Changing the VM Shutdown Timeout Via Regedit
On a Hyper-V host (tested on 2012R2 and 2016), open up Regedit.exe (works on Hyper-V Server and Windows Server Core, too). Navigate to HKEY_LOCAL_MACHINE\SOFTWARE\Microsoft\Windows NT\CurrentVersion\Virtualization. Find the ShutdownTimeout value.
Changing the VM Shutdown Timeout Via Regedit
I highly recommend that you spend some time tinkering with a test host or a single guinea pig production host before pushing this out to all of your hosts.
Follow these steps to modify the registry key in Group Policy:
- On a system with the necessary console installed, open Group Policy Management Console.
- Unless your Hyper-V hosts are already processing a great many policies, I recommend creating a new policy. Right-click Group Policy Objects and select New.
- Give your new GPO a descriptive name and click OK. If you’ll be using different values for different host categories, then remember to use a unique name.
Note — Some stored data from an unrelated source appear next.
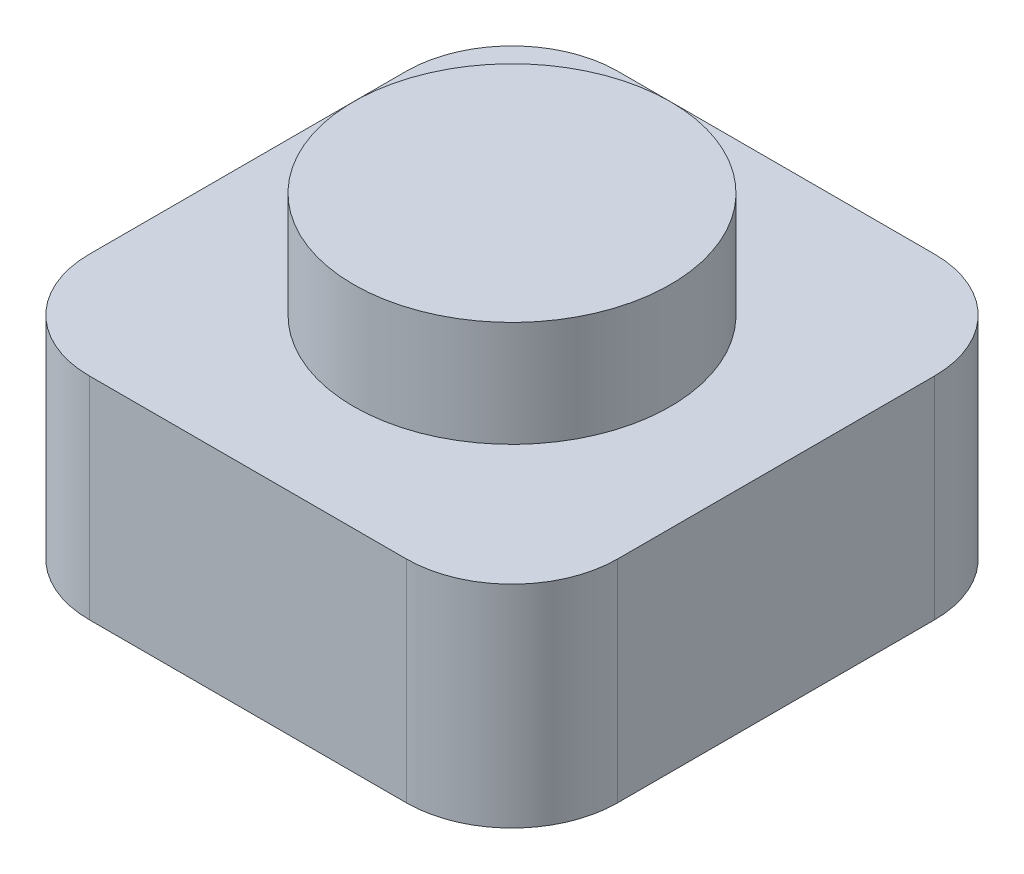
ISO-10303-21;
HEADER;
FILE_DESCRIPTION(('STEP AP214'),'2;1');
FILE_NAME('part.step','',(''),(''),'','','');
FILE_SCHEMA(('AUTOMOTIVE_DESIGN { 1 0 10303 214 1 1 1 1 }'));
ENDSEC;
DATA;
#1=APPLICATION_CONTEXT('core data for automotive mechanical design processes');
#2=APPLICATION_PROTOCOL_DEFINITION('international standard','automotive_design',2000,#1);
#3=PRODUCT_CONTEXT('',#1,'mechanical');
#4=PRODUCT('Part','Part','',(#3));
#5=PRODUCT_RELATED_PRODUCT_CATEGORY('part','',(#4));
#6=PRODUCT_DEFINITION_FORMATION('','',#4);
#7=PRODUCT_DEFINITION_CONTEXT('part definition',#1,'design');
#8=PRODUCT_DEFINITION('design','',#6,#7);
#9=PRODUCT_DEFINITION_SHAPE('','',#8);
#10=(LENGTH_UNIT() NAMED_UNIT(*) SI_UNIT(.MILLI.,.METRE.));
#11=(NAMED_UNIT(*) PLANE_ANGLE_UNIT() SI_UNIT($,.RADIAN.));
#12=(NAMED_UNIT(*) SI_UNIT($,.STERADIAN.) SOLID_ANGLE_UNIT());
#13=UNCERTAINTY_MEASURE_WITH_UNIT(LENGTH_MEASURE(1.E-05),#10,'distance_accuracy_value','');
#14=(GEOMETRIC_REPRESENTATION_CONTEXT(3) GLOBAL_UNCERTAINTY_ASSIGNED_CONTEXT((#13)) GLOBAL_UNIT_ASSIGNED_CONTEXT((#10,
#11,#12)) REPRESENTATION_CONTEXT('',''));
#15=CARTESIAN_POINT('',(0.,0.,0.));
#16=DIRECTION('',(0.,0.,1.));
#17=DIRECTION('',(1.,0.,0.));
#18=AXIS2_PLACEMENT_3D('',#15,#16,#17);
#19=CARTESIAN_POINT('',(2.00826446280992,4.,-1.24380165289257));
#20=DIRECTION('',(0.,-1.,0.));
#21=DIRECTION('',(0.,0.,-1.));
#22=AXIS2_PLACEMENT_3D('',#19,#20,#21);
#23=CYLINDRICAL_SURFACE('',#22,2.);
#24=CARTESIAN_POINT('',(2.00826446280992,0.,-1.24380165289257));
#25=DIRECTION('',(0.,1.,0.));
#26=DIRECTION('',(0.,0.,1.));
#27=AXIS2_PLACEMENT_3D('',#24,#25,#26);
#28=CIRCLE('',#27,2.);
#29=CARTESIAN_POINT('',(4.00826446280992,0.,-1.24380165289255));
#30=VERTEX_POINT('',#29);
#31=CARTESIAN_POINT('',(2.0082644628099,0.,-3.24380165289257));
#32=VERTEX_POINT('',#31);
#33=EDGE_CURVE('E139',#30,#32,#28,.T.);
#34=ORIENTED_EDGE('',*,*,#33,.T.);
#35=DIRECTION('',(0.,-1.,0.));
#36=VECTOR('',#35,1.);
#37=CARTESIAN_POINT('',(2.0082644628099,4.,-3.24380165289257));
#38=LINE('',#37,#36);
#39=CARTESIAN_POINT('',(2.0082644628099,4.,-3.24380165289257));
#40=VERTEX_POINT('',#39);
#41=EDGE_CURVE('E44',#40,#32,#38,.T.);
#42=ORIENTED_EDGE('',*,*,#41,.F.);
#43=CARTESIAN_POINT('',(2.00826446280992,4.,-1.24380165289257));
#44=DIRECTION('',(0.,1.,0.));
#45=DIRECTION('',(0.,0.,1.));
#46=AXIS2_PLACEMENT_3D('',#43,#44,#45);
#47=CIRCLE('',#46,2.);
#48=CARTESIAN_POINT('',(4.00826446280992,4.,-1.24380165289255));
#49=VERTEX_POINT('',#48);
#50=EDGE_CURVE('E154',#49,#40,#47,.T.);
#51=ORIENTED_EDGE('',*,*,#50,.F.);
#52=DIRECTION('',(0.,-1.,0.));
#53=VECTOR('',#52,1.);
#54=CARTESIAN_POINT('',(4.00826446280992,4.,-1.24380165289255));
#55=LINE('',#54,#53);
#56=EDGE_CURVE('E135',#49,#30,#55,.T.);
#57=ORIENTED_EDGE('',*,*,#56,.T.);
#58=EDGE_LOOP('',(#34,#42,#51,#57));
#59=FACE_BOUND('',#58,.T.);
#60=ADVANCED_FACE('F41',(#59),#23,.T.);
#61=CARTESIAN_POINT('',(-3.99173553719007,4.,-3.24380165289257));
#62=DIRECTION('',(0.,0.,1.));
#63=DIRECTION('',(1.,0.,0.));
#64=AXIS2_PLACEMENT_3D('',#61,#62,#63);
#65=PLANE('',#64);
#66=DIRECTION('',(-1.,0.,0.));
#67=VECTOR('',#66,1.);
#68=CARTESIAN_POINT('',(-3.99173553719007,0.,-3.24380165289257));
#69=LINE('',#68,#67);
#70=CARTESIAN_POINT('',(-3.99173553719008,0.,-3.24380165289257));
#71=VERTEX_POINT('',#70);
#72=EDGE_CURVE('E142',#32,#71,#69,.T.);
#73=ORIENTED_EDGE('',*,*,#72,.T.);
#74=DIRECTION('',(0.,-1.,0.));
#75=VECTOR('',#74,1.);
#76=CARTESIAN_POINT('',(-3.99173553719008,4.,-3.24380165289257));
#77=LINE('',#76,#75);
#78=CARTESIAN_POINT('',(-3.99173553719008,4.,-3.24380165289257));
#79=VERTEX_POINT('',#78);
#80=EDGE_CURVE('E163',#79,#71,#77,.T.);
#81=ORIENTED_EDGE('',*,*,#80,.F.);
#82=DIRECTION('',(-1.,0.,0.));
#83=VECTOR('',#82,1.);
#84=CARTESIAN_POINT('',(-3.99173553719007,4.,-3.24380165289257));
#85=LINE('',#84,#83);
#86=EDGE_CURVE('E102',#40,#79,#85,.T.);
#87=ORIENTED_EDGE('',*,*,#86,.F.);
#88=ORIENTED_EDGE('',*,*,#41,.T.);
#89=EDGE_LOOP('',(#73,#81,#87,#88));
#90=FACE_BOUND('',#89,.T.);
#91=ADVANCED_FACE('F169',(#90),#65,.F.);
#92=CARTESIAN_POINT('',(-3.99173553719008,4.,-1.24380165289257));
#93=DIRECTION('',(0.,-1.,0.));
#94=DIRECTION('',(0.,0.,-1.));
#95=AXIS2_PLACEMENT_3D('',#92,#93,#94);
#96=CYLINDRICAL_SURFACE('',#95,2.);
#97=CARTESIAN_POINT('',(-3.99173553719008,0.,-1.24380165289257));
#98=DIRECTION('',(0.,1.,0.));
#99=DIRECTION('',(0.,0.,-1.));
#100=AXIS2_PLACEMENT_3D('',#97,#98,#99);
#101=CIRCLE('',#100,2.);
#102=CARTESIAN_POINT('',(-5.99173553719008,0.,-1.24380165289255));
#103=VERTEX_POINT('',#102);
#104=EDGE_CURVE('E145',#71,#103,#101,.T.);
#105=ORIENTED_EDGE('',*,*,#104,.T.);
#106=DIRECTION('',(0.,-1.,0.));
#107=VECTOR('',#106,1.);
#108=CARTESIAN_POINT('',(-5.99173553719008,4.,-1.24380165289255));
#109=LINE('',#108,#107);
#110=CARTESIAN_POINT('',(-5.99173553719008,4.,-1.24380165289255));
#111=VERTEX_POINT('',#110);
#112=EDGE_CURVE('E161',#111,#103,#109,.T.);
#113=ORIENTED_EDGE('',*,*,#112,.F.);
#114=CARTESIAN_POINT('',(-3.99173553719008,4.,-1.24380165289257));
#115=DIRECTION('',(0.,1.,0.));
#116=DIRECTION('',(0.,0.,-1.));
#117=AXIS2_PLACEMENT_3D('',#114,#115,#116);
#118=CIRCLE('',#117,2.);
#119=EDGE_CURVE('E184',#79,#111,#118,.T.);
#120=ORIENTED_EDGE('',*,*,#119,.F.);
#121=ORIENTED_EDGE('',*,*,#80,.T.);
#122=EDGE_LOOP('',(#105,#113,#120,#121));
#123=FACE_BOUND('',#122,.T.);
#124=ADVANCED_FACE('F178',(#123),#96,.T.);
#125=CARTESIAN_POINT('',(-5.99173553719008,4.,4.75619834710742));
#126=DIRECTION('',(1.,0.,0.));
#127=DIRECTION('',(0.,0.,-1.));
#128=AXIS2_PLACEMENT_3D('',#125,#126,#127);
#129=PLANE('',#128);
#130=DIRECTION('',(0.,0.,1.));
#131=VECTOR('',#130,1.);
#132=CARTESIAN_POINT('',(-5.99173553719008,0.,4.75619834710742));
#133=LINE('',#132,#131);
#134=CARTESIAN_POINT('',(-5.99173553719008,0.,4.75619834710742));
#135=VERTEX_POINT('',#134);
#136=EDGE_CURVE('E147',#103,#135,#133,.T.);
#137=ORIENTED_EDGE('',*,*,#136,.T.);
#138=DIRECTION('',(0.,-1.,0.));
#139=VECTOR('',#138,1.);
#140=CARTESIAN_POINT('',(-5.99173553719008,4.,4.75619834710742));
#141=LINE('',#140,#139);
#142=CARTESIAN_POINT('',(-5.99173553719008,4.,4.75619834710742));
#143=VERTEX_POINT('',#142);
#144=EDGE_CURVE('E158',#143,#135,#141,.T.);
#145=ORIENTED_EDGE('',*,*,#144,.F.);
#146=DIRECTION('',(0.,0.,1.));
#147=VECTOR('',#146,1.);
#148=CARTESIAN_POINT('',(-5.99173553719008,4.,4.75619834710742));
#149=LINE('',#148,#147);
#150=EDGE_CURVE('E183',#111,#143,#149,.T.);
#151=ORIENTED_EDGE('',*,*,#150,.F.);
#152=ORIENTED_EDGE('',*,*,#112,.T.);
#153=EDGE_LOOP('',(#137,#145,#151,#152));
#154=FACE_BOUND('',#153,.T.);
#155=ADVANCED_FACE('F181',(#154),#129,.F.);
#156=CARTESIAN_POINT('',(-3.99173553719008,4.,4.75619834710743));
#157=DIRECTION('',(0.,-1.,0.));
#158=DIRECTION('',(0.,0.,-1.));
#159=AXIS2_PLACEMENT_3D('',#156,#157,#158);
#160=CYLINDRICAL_SURFACE('',#159,2.);
#161=CARTESIAN_POINT('',(-3.99173553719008,0.,4.75619834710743));
#162=DIRECTION('',(0.,1.,0.));
#163=DIRECTION('',(0.,0.,1.));
#164=AXIS2_PLACEMENT_3D('',#161,#162,#163);
#165=CIRCLE('',#164,2.);
#166=CARTESIAN_POINT('',(-3.99173553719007,0.,6.75619834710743));
#167=VERTEX_POINT('',#166);
#168=EDGE_CURVE('E149',#135,#167,#165,.T.);
#169=ORIENTED_EDGE('',*,*,#168,.T.);
#170=DIRECTION('',(0.,-1.,0.));
#171=VECTOR('',#170,1.);
#172=CARTESIAN_POINT('',(-3.99173553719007,4.,6.75619834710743));
#173=LINE('',#172,#171);
#174=CARTESIAN_POINT('',(-3.99173553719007,4.,6.75619834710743));
#175=VERTEX_POINT('',#174);
#176=EDGE_CURVE('E130',#175,#167,#173,.T.);
#177=ORIENTED_EDGE('',*,*,#176,.F.);
#178=CARTESIAN_POINT('',(-3.99173553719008,4.,4.75619834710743));
#179=DIRECTION('',(0.,1.,0.));
#180=DIRECTION('',(0.,0.,1.));
#181=AXIS2_PLACEMENT_3D('',#178,#179,#180);
#182=CIRCLE('',#181,2.);
#183=EDGE_CURVE('E121',#143,#175,#182,.T.);
#184=ORIENTED_EDGE('',*,*,#183,.F.);
#185=ORIENTED_EDGE('',*,*,#144,.T.);
#186=EDGE_LOOP('',(#169,#177,#184,#185));
#187=FACE_BOUND('',#186,.T.);
#188=ADVANCED_FACE('F221',(#187),#160,.T.);
#189=CARTESIAN_POINT('',(-3.99173553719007,4.,6.75619834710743));
#190=DIRECTION('',(0.,0.,-1.));
#191=DIRECTION('',(-1.,0.,0.));
#192=AXIS2_PLACEMENT_3D('',#189,#190,#191);
#193=PLANE('',#192);
#194=DIRECTION('',(1.,0.,0.));
#195=VECTOR('',#194,1.);
#196=CARTESIAN_POINT('',(-3.99173553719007,0.,6.75619834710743));
#197=LINE('',#196,#195);
#198=CARTESIAN_POINT('',(2.0082644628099,0.,6.75619834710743));
#199=VERTEX_POINT('',#198);
#200=EDGE_CURVE('E129',#167,#199,#197,.T.);
#201=ORIENTED_EDGE('',*,*,#200,.T.);
#202=DIRECTION('',(0.,-1.,0.));
#203=VECTOR('',#202,1.);
#204=CARTESIAN_POINT('',(2.0082644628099,4.,6.75619834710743));
#205=LINE('',#204,#203);
#206=CARTESIAN_POINT('',(2.0082644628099,4.,6.75619834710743));
#207=VERTEX_POINT('',#206);
#208=EDGE_CURVE('E126',#207,#199,#205,.T.);
#209=ORIENTED_EDGE('',*,*,#208,.F.);
#210=DIRECTION('',(1.,0.,0.));
#211=VECTOR('',#210,1.);
#212=CARTESIAN_POINT('',(-3.99173553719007,4.,6.75619834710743));
#213=LINE('',#212,#211);
#214=EDGE_CURVE('E115',#175,#207,#213,.T.);
#215=ORIENTED_EDGE('',*,*,#214,.F.);
#216=ORIENTED_EDGE('',*,*,#176,.T.);
#217=EDGE_LOOP('',(#201,#209,#215,#216));
#218=FACE_BOUND('',#217,.T.);
#219=ADVANCED_FACE('F127',(#218),#193,.F.);
#220=CARTESIAN_POINT('',(2.00826446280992,4.,4.75619834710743));
#221=DIRECTION('',(0.,-1.,0.));
#222=DIRECTION('',(0.,0.,-1.));
#223=AXIS2_PLACEMENT_3D('',#220,#221,#222);
#224=CYLINDRICAL_SURFACE('',#223,2.);
#225=CARTESIAN_POINT('',(2.00826446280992,0.,4.75619834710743));
#226=DIRECTION('',(0.,1.,0.));
#227=DIRECTION('',(0.,0.,1.));
#228=AXIS2_PLACEMENT_3D('',#225,#226,#227);
#229=CIRCLE('',#228,2.);
#230=CARTESIAN_POINT('',(4.00826446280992,0.,4.75619834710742));
#231=VERTEX_POINT('',#230);
#232=EDGE_CURVE('E87',#199,#231,#229,.T.);
#233=ORIENTED_EDGE('',*,*,#232,.T.);
#234=DIRECTION('',(0.,-1.,0.));
#235=VECTOR('',#234,1.);
#236=CARTESIAN_POINT('',(4.00826446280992,4.,4.75619834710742));
#237=LINE('',#236,#235);
#238=CARTESIAN_POINT('',(4.00826446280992,4.,4.75619834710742));
#239=VERTEX_POINT('',#238);
#240=EDGE_CURVE('E131',#239,#231,#237,.T.);
#241=ORIENTED_EDGE('',*,*,#240,.F.);
#242=CARTESIAN_POINT('',(2.00826446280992,4.,4.75619834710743));
#243=DIRECTION('',(0.,1.,0.));
#244=DIRECTION('',(0.,0.,1.));
#245=AXIS2_PLACEMENT_3D('',#242,#243,#244);
#246=CIRCLE('',#245,2.);
#247=EDGE_CURVE('E119',#207,#239,#246,.T.);
#248=ORIENTED_EDGE('',*,*,#247,.F.);
#249=ORIENTED_EDGE('',*,*,#208,.T.);
#250=EDGE_LOOP('',(#233,#241,#248,#249));
#251=FACE_BOUND('',#250,.T.);
#252=ADVANCED_FACE('F133',(#251),#224,.T.);
#253=CARTESIAN_POINT('',(4.00826446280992,4.,4.75619834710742));
#254=DIRECTION('',(-1.,0.,0.));
#255=DIRECTION('',(0.,0.,1.));
#256=AXIS2_PLACEMENT_3D('',#253,#254,#255);
#257=PLANE('',#256);
#258=DIRECTION('',(0.,0.,-1.));
#259=VECTOR('',#258,1.);
#260=CARTESIAN_POINT('',(4.00826446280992,0.,4.75619834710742));
#261=LINE('',#260,#259);
#262=EDGE_CURVE('E93',#231,#30,#261,.T.);
#263=ORIENTED_EDGE('',*,*,#262,.T.);
#264=ORIENTED_EDGE('',*,*,#56,.F.);
#265=DIRECTION('',(0.,0.,-1.));
#266=VECTOR('',#265,1.);
#267=CARTESIAN_POINT('',(4.00826446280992,4.,4.75619834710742));
#268=LINE('',#267,#266);
#269=EDGE_CURVE('E58',#239,#49,#268,.T.);
#270=ORIENTED_EDGE('',*,*,#269,.F.);
#271=ORIENTED_EDGE('',*,*,#240,.T.);
#272=EDGE_LOOP('',(#263,#264,#270,#271));
#273=FACE_BOUND('',#272,.T.);
#274=ADVANCED_FACE('F202',(#273),#257,.F.);
#275=CARTESIAN_POINT('',(2.00826446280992,4.,-1.24380165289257));
#276=DIRECTION('',(0.,1.,0.));
#277=DIRECTION('',(0.,0.,1.));
#278=AXIS2_PLACEMENT_3D('',#275,#276,#277);
#279=PLANE('',#278);
#280=CARTESIAN_POINT('',(-0.991735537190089,4.,1.75619834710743));
#281=DIRECTION('',(0.,1.,0.));
#282=DIRECTION('',(0.,0.,1.));
#283=AXIS2_PLACEMENT_3D('',#280,#281,#282);
#284=CIRCLE('',#283,3.);
#285=CARTESIAN_POINT('',(-0.991735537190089,4.,4.75619834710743));
#286=VERTEX_POINT('',#285);
#287=EDGE_CURVE('E11',#286,#286,#284,.T.);
#288=ORIENTED_EDGE('',*,*,#287,.F.);
#289=EDGE_LOOP('',(#288));
#290=FACE_BOUND('',#289,.T.);
#291=ORIENTED_EDGE('',*,*,#50,.T.);
#292=ORIENTED_EDGE('',*,*,#86,.T.);
#293=ORIENTED_EDGE('',*,*,#119,.T.);
#294=ORIENTED_EDGE('',*,*,#150,.T.);
#295=ORIENTED_EDGE('',*,*,#183,.T.);
#296=ORIENTED_EDGE('',*,*,#214,.T.);
#297=ORIENTED_EDGE('',*,*,#247,.T.);
#298=ORIENTED_EDGE('',*,*,#269,.T.);
#299=EDGE_LOOP('',(#291,#292,#293,#294,#295,#296,#297,#298));
#300=FACE_BOUND('',#299,.T.);
#301=ADVANCED_FACE('F117',(#290,#300),#279,.T.);
#302=CARTESIAN_POINT('',(2.00826446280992,0.,-1.24380165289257));
#303=DIRECTION('',(0.,1.,0.));
#304=DIRECTION('',(0.,0.,1.));
#305=AXIS2_PLACEMENT_3D('',#302,#303,#304);
#306=PLANE('',#305);
#307=ORIENTED_EDGE('',*,*,#33,.F.);
#308=ORIENTED_EDGE('',*,*,#262,.F.);
#309=ORIENTED_EDGE('',*,*,#232,.F.);
#310=ORIENTED_EDGE('',*,*,#200,.F.);
#311=ORIENTED_EDGE('',*,*,#168,.F.);
#312=ORIENTED_EDGE('',*,*,#136,.F.);
#313=ORIENTED_EDGE('',*,*,#104,.F.);
#314=ORIENTED_EDGE('',*,*,#72,.F.);
#315=EDGE_LOOP('',(#307,#308,#309,#310,#311,#312,#313,#314));
#316=FACE_BOUND('',#315,.T.);
#317=ADVANCED_FACE('F174',(#316),#306,.F.);
#318=CARTESIAN_POINT('',(-0.991735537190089,6.,1.75619834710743));
#319=DIRECTION('',(0.,-1.,0.));
#320=DIRECTION('',(0.,0.,-1.));
#321=AXIS2_PLACEMENT_3D('',#318,#319,#320);
#322=CYLINDRICAL_SURFACE('',#321,3.);
#323=CARTESIAN_POINT('',(-0.991735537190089,6.,1.75619834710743));
#324=DIRECTION('',(0.,1.,0.));
#325=DIRECTION('',(0.,0.,1.));
#326=AXIS2_PLACEMENT_3D('',#323,#324,#325);
#327=CIRCLE('',#326,3.);
#328=CARTESIAN_POINT('',(-0.991735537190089,6.,4.75619834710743));
#329=VERTEX_POINT('',#328);
#330=EDGE_CURVE('E143',#329,#329,#327,.T.);
#331=ORIENTED_EDGE('',*,*,#330,.F.);
#332=EDGE_LOOP('',(#331));
#333=FACE_BOUND('',#332,.T.);
#334=ORIENTED_EDGE('',*,*,#287,.T.);
#335=EDGE_LOOP('',(#334));
#336=FACE_BOUND('',#335,.T.);
#337=ADVANCED_FACE('F195',(#333,#336),#322,.T.);
#338=CARTESIAN_POINT('',(-0.991735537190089,6.,1.75619834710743));
#339=DIRECTION('',(0.,1.,0.));
#340=DIRECTION('',(0.,0.,1.));
#341=AXIS2_PLACEMENT_3D('',#338,#339,#340);
#342=PLANE('',#341);
#343=ORIENTED_EDGE('',*,*,#330,.T.);
#344=EDGE_LOOP('',(#343));
#345=FACE_BOUND('',#344,.T.);
#346=ADVANCED_FACE('F193',(#345),#342,.T.);
#347=CLOSED_SHELL('',(#60,#91,#124,#155,#188,#219,#252,#274,#301,#317,#337,#346));
#348=MANIFOLD_SOLID_BREP('B2',#347);
#349=ADVANCED_BREP_SHAPE_REPRESENTATION('',(#18,#348),#14);
#350=SHAPE_DEFINITION_REPRESENTATION(#9,#349);
ENDSEC;
END-ISO-10303-21;

- Right-click on your new GPO and click Edit.
- Drill down to Computer Configuration, Preferences, Windows Settings, Registry. Right-click Registry, hover over New, then click Registry Item.
- Use these settings in the New Registry Properties dialog:
- Action: Update
- Hive: HKEY_LOCAL_MACHINE
- Key path: SOFTWARE\Microsoft\Windows NT\CurrentVersion\Virtualization
- Value name (Default unchecked): ShutdownTimeout
- Value type: REG_DWORD
- Value data: <some reasonable number of seconds >
- Base: Decimal
- Make sure that your new setting appears in the registry key list. Close the Group Policy Management Editor window to return to the main console.
- Under your domain, drill down to the OU that contains your Hyper-V host(s). Right-click on it and click Link an Existing GPO. If you want to use multiple settings, you’ll need to use separate GPOs or implement WMI Filtering.
- Select the GPO that you just created:
- Now, just wait for your next GPO push. Alternatively, log on to one or more hosts in the affected OU and run gpupdate /force in an elevated command/PowerShell prompt.
I looked high and low, and couldn’t find any documentation on this key. I don’t have the resources to do a great deal of testing either. I think it’s safe to say that this number represents the timeout in seconds. Hosts clearly do not wait two hours to shut down, and a 120 millisecond timeout would just be ridiculous.
What I can’t be sure of is whether or not this applies to each virtual machine individually or in aggregate. However, given how long modern physical systems need to reboot, I’m also having a hard time thinking of a good reason for such a short timeout. If you’ve got a VM that takes a long time to shut down (Exchange guests, we’re all looking at you), then feel free to kick this number up.
I don’t know if you need to do anything else (undocumented, remember?), but I chose to restart VMMS (Virtual Machine Management Service). When I did that, my regedit screen flickered as VMMS was starting back up. That makes sense, as many of the settings found in this branch belong to VMMS. That doesn’t mean anything for this particular key. So, I used procmon.exe to watch a VMMS service startup. It doesn’t care at all about that key. So, restarting VMMS doesn’t do anything in this case.
For testing, I set my timeout to 10 minutes (decimal 600) and it shut down fairly quickly. That means that setting a number higher than you need won’t needlessly extend the shut down process.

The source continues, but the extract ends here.